> **Problem to work on**
Would you copy the line that includes "Product : Product" and every line that follows it, down to the last line of the listing below, exactly as they stand?

> **Excerpted data**
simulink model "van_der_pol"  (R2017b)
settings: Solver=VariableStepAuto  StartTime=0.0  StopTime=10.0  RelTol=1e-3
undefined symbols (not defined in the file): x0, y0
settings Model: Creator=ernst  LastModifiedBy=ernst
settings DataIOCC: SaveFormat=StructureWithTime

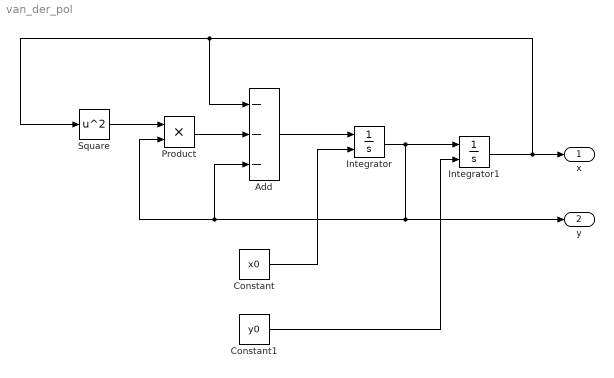
== system van_der_pol ==
  Add : Sum  Inputs=---
  Constant : Constant  Value=x0
  Constant1 : Constant  Value=y0
  Integrator : Integrator  InitialConditionSource=external
  Integrator1 : Integrator  InitialConditionSource=external
  Product : Product
  Square : Math  Operator=square  RndMeth=Zero  SaturateOnIntegerOverflow=on
  x : Outport
  y : Outport  Port=2
  wires:
  Integrator/1 -> Integrator1/1, y/1, Add/3, Product/2
  Integrator1/1 -> Add/1, Square/1, x/1
  Add/1 -> Integrator/1
  Product/1 -> Add/2
  Square/1 -> Product/1
  Constant/1 -> Integrator/2
  Constant1/1 -> Integrator1/2

> **Solution for this problem**
  Product : Product
  Square : Math  Operator=square  RndMeth=Zero  SaturateOnIntegerOverflow=on
  x : Outport
  y : Outport  Port=2
  wires:
  Integrator/1 -> Integrator1/1, y/1, Add/3, Product/2
  Integrator1/1 -> Add/1, Square/1, x/1
  Add/1 -> Integrator/1
  Product/1 -> Add/2
  Square/1 -> Product/1
  Constant/1 -> Integrator/2
  Constant1/1 -> Integrator1/2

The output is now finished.